**TASK TO CARRY OUT**
The data below should be restated word for word, pictures omitted.

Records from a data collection
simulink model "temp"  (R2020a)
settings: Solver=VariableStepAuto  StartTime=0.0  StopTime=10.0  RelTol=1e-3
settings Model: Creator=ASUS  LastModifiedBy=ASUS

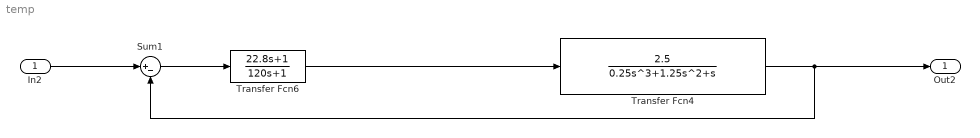
== system temp ==
  In2 : Inport
  Sum1 : Sum  Inputs=|+-
  Transfer Fcn4 : TransferFcn  Numerator=[2.5]  Denominator=[0.25 1.25 1 0]
  Transfer Fcn6 : TransferFcn  Numerator=[22.8 1]  Denominator=[120 1]
  Out2 : Outport
  wires:
  Transfer Fcn4/1 -> Out2/1, Sum1/2
  In2/1 -> Sum1/1
  Sum1/1 -> Transfer Fcn6/1
  Transfer Fcn6/1 -> Transfer Fcn4/1

**WORKED SOLUTION**
simulink model "temp"  (R2020a)
settings: Solver=VariableStepAuto  StartTime=0.0  StopTime=10.0  RelTol=1e-3
settings Model: Creator=ASUS  LastModifiedBy=ASUS

== system temp ==
  In2 : Inport
  Sum1 : Sum  Inputs=|+-
  Transfer Fcn4 : TransferFcn  Numerator=[2.5]  Denominator=[0.25 1.25 1 0]
  Transfer Fcn6 : TransferFcn  Numerator=[22.8 1]  Denominator=[120 1]
  Out2 : Outport
  wires:
  Transfer Fcn4/1 -> Out2/1, Sum1/2
  In2/1 -> Sum1/1
  Sum1/1 -> Transfer Fcn6/1
  Transfer Fcn6/1 -> Transfer Fcn4/1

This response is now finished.